_Description of the task_. Please give back word for word the lines below, from the first one through the one with "# Robotcrafts".

---------- Task input ----------

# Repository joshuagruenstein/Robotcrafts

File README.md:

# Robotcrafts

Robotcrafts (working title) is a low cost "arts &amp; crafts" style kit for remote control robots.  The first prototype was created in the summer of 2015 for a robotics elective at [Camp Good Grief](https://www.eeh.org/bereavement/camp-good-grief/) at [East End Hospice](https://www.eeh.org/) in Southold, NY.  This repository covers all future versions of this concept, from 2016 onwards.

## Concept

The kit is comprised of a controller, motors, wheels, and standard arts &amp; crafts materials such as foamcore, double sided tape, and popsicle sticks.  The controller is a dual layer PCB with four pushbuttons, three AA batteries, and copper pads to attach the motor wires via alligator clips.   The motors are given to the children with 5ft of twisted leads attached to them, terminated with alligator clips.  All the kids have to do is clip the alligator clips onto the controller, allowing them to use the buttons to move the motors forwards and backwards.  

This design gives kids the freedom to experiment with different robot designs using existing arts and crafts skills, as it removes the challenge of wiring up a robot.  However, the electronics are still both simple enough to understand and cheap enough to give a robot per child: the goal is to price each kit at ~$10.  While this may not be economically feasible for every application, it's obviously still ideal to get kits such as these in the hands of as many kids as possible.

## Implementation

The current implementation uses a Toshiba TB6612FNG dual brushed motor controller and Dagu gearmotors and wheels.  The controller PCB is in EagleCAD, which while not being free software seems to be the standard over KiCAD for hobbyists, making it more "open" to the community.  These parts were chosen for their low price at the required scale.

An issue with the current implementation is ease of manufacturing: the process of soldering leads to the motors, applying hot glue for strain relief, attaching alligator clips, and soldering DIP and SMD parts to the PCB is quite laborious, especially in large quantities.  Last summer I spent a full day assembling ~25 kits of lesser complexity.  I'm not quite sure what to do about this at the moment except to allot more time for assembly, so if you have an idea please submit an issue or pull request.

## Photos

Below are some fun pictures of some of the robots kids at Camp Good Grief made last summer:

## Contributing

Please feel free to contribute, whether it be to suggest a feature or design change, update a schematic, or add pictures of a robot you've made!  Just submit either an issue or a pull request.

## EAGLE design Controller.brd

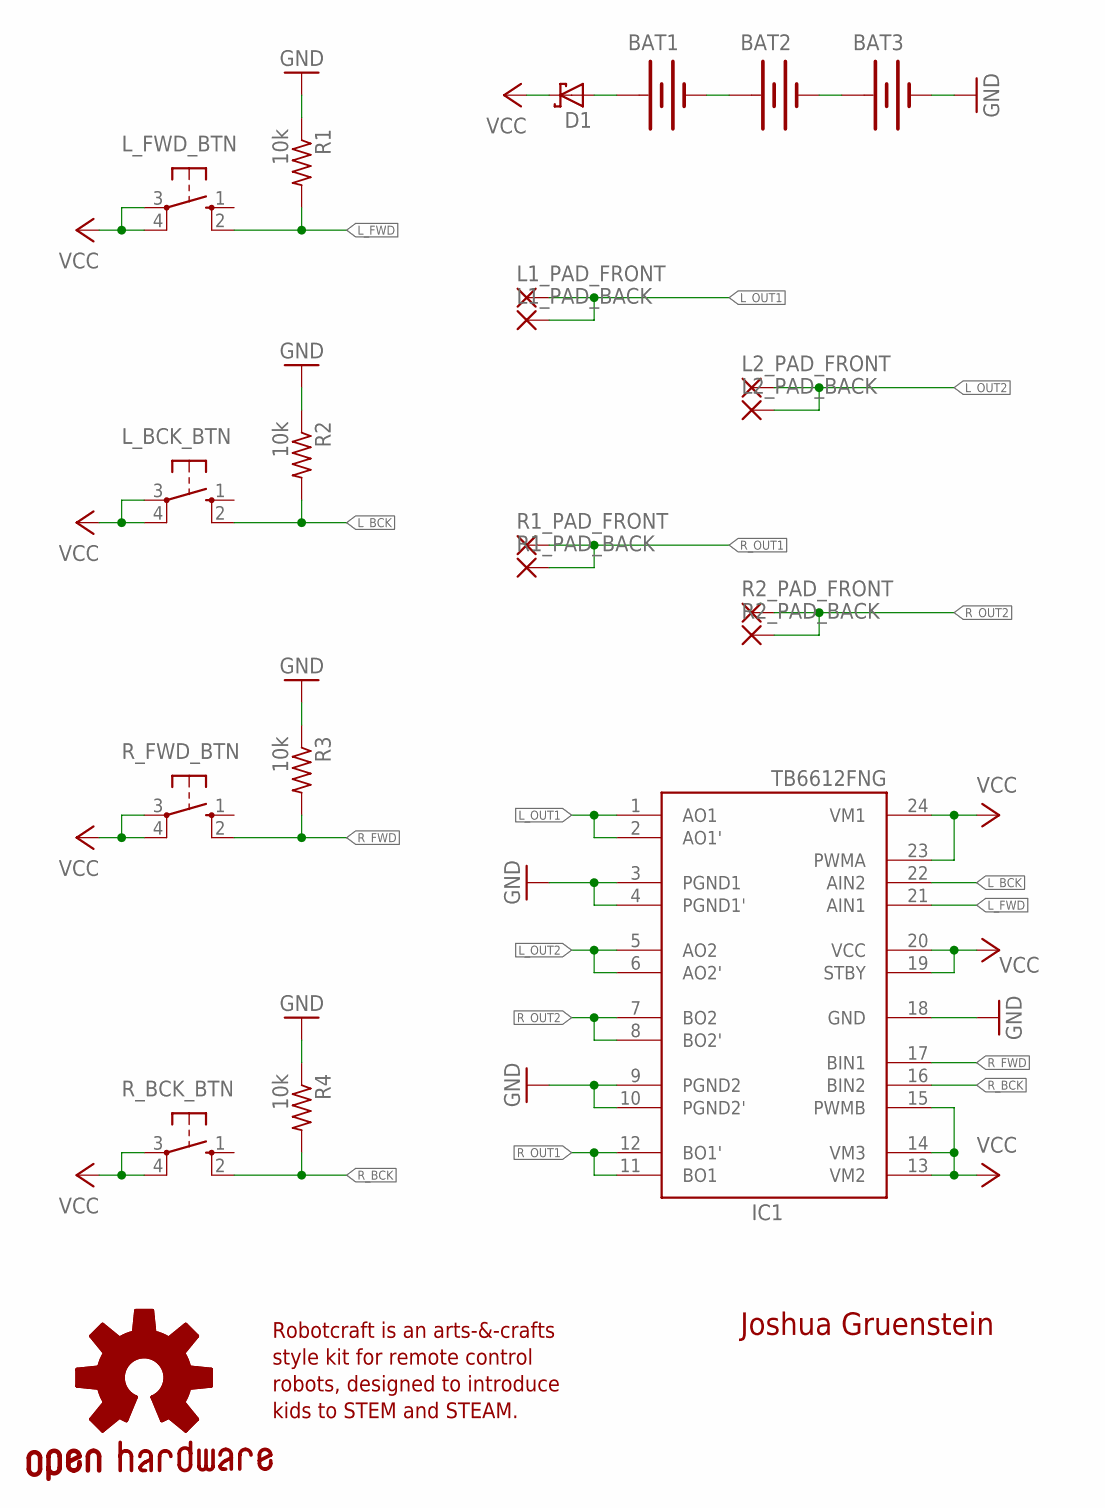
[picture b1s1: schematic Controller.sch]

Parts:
BAT1, BAT2, BAT3: BATTERYAA-KIT; BATTERY-AA-KIT
D1: SCHOTTKY-DIODESMC; SMC
GOLD_ORB_SM1: OSHWLOGO_GOLD_ORB_MED; OSHW1
IC1: TB6612FNG; SSOP24
L1_PAD_BACK, L1_PAD_FRONT, L2_PAD_BACK, L2_PAD_FRONT: WIREPADSMD5-2,5; 5-2,5
L_BCK_BTN: 40-XX; B3F-40XX
L_FWD_BTN: 40-XX; B3F-40XX
R1, R2, R3, R4: 10k; R0805
R1_PAD_BACK, R1_PAD_FRONT, R2_PAD_BACK, R2_PAD_FRONT: WIREPADSMD5-2,5; 5-2,5
R_BCK_BTN: 40-XX; B3F-40XX
R_FWD_BTN: 40-XX; B3F-40XX

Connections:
GND: BAT3.GND@1 (-), IC1.3 (PGND1), IC1.4 (PGND1'), IC1.9 (PGND2), IC1.10 (PGND2'), IC1.18 (GND), R1.1, R2.1, R3.1, R4.1
L_BCK: IC1.22 (AIN2), L_BCK_BTN.2 (S1), R2.2
L_FWD: IC1.21 (AIN1), L_FWD_BTN.2 (S1), R1.2
L_OUT1: IC1.1 (AO1), IC1.2 (AO1'), L1_PAD_BACK.1, L1_PAD_FRONT.1
L_OUT2: IC1.5 (AO2), IC1.6 (AO2'), L2_PAD_BACK.1, L2_PAD_FRONT.1
unnamed: BAT1.GND@1 (-), BAT2.PWR@1 (+)
unnamed: BAT2.GND@1 (-), BAT3.PWR@1 (+)
unnamed: BAT1.PWR@1 (+), D1.A
R_BCK: IC1.16 (BIN2), R4.2, R_BCK_BTN.2 (S1)
R_FWD: IC1.17 (BIN1), R3.2, R_FWD_BTN.2 (S1)
R_OUT1: IC1.11 (BO1), IC1.12 (BO1'), R1_PAD_BACK.1, R1_PAD_FRONT.1
R_OUT2: IC1.7 (BO2), IC1.8 (BO2'), R2_PAD_BACK.1, R2_PAD_FRONT.1
VCC: D1.C, IC1.13 (VM2), IC1.14 (VM3), IC1.15 (PWMB), IC1.19 (STBY), IC1.20 (VCC), IC1.23 (PWMA), IC1.24 (VM1), L_BCK_BTN.3, L_BCK_BTN.4 (P1), L_FWD_BTN.3, L_FWD_BTN.4 (P1), R_BCK_BTN.3, R_BCK_BTN.4 (P1), R_FWD_BTN.3, R_FWD_BTN.4 (P1)

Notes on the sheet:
Joshua Gruenstein
Robotcraft is an arts-&-crafts style kit for remote control robots, designed to introduce kids to STEM and STEAM.

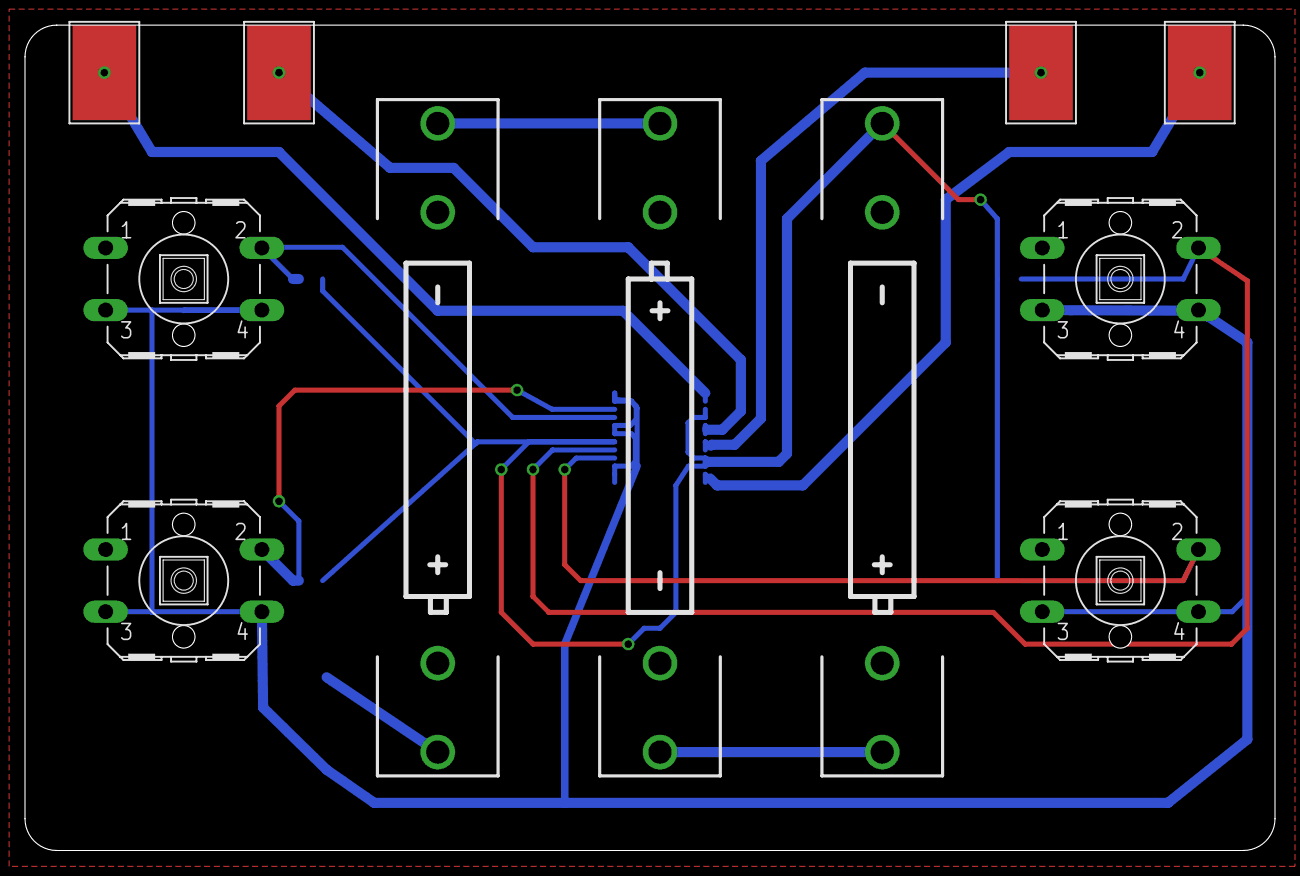
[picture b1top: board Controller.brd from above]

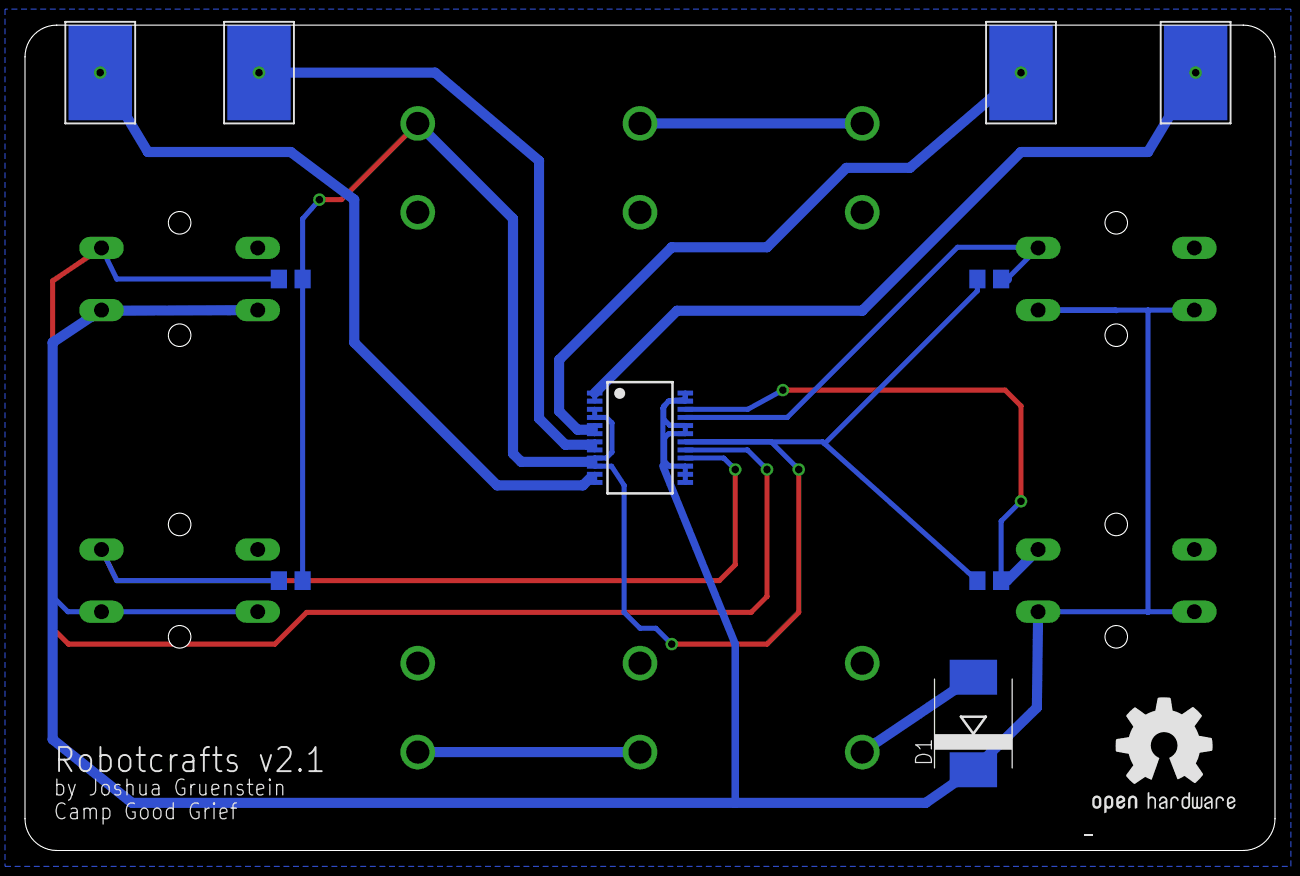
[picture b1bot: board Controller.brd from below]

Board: 2 copper layers, 100.0 x 66.0 mm, 22 parts (11 on the bottom side), 13 nets.

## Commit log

2016-06-22 add bill of materials
2016-06-22 initial controller schematic
2016-06-22 update MIT license to hardware-specific language
2016-06-22 add content to readme
2016-06-27 add motor pads
2016-06-27 add fancy A5 portrait frame to schematic
2016-06-27 initial board component layout
2016-07-06 initial board routing
2016-07-06 add ground copper fills
2016-07-06 board version + author silkscreen
2016-07-06 v0.1 gerber files
2016-07-06 adjust silkscreen
2016-07-06 update BOM
2016-07-12 pcb rounded corners
2016-07-14 cosmetic PCB upgrades
    added OSHW logo to bottom silkscreen
2016-07-14 enlarge board alligator pad size
2016-07-22 fix button alignment
    in other news, I got the 0.2 PCBs back today and they are **gorgeous**
2017-05-08 add diode to board and schematic

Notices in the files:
parts and their libraries:
SparkFun-Electromechanical: Licensing: Creative Commons ShareAlike 4.0 International - https://creativecommons.org/licenses/by-sa/4.0

----------

_Written solution_.
# Repository joshuagruenstein/Robotcrafts

File README.md:

# Robotcrafts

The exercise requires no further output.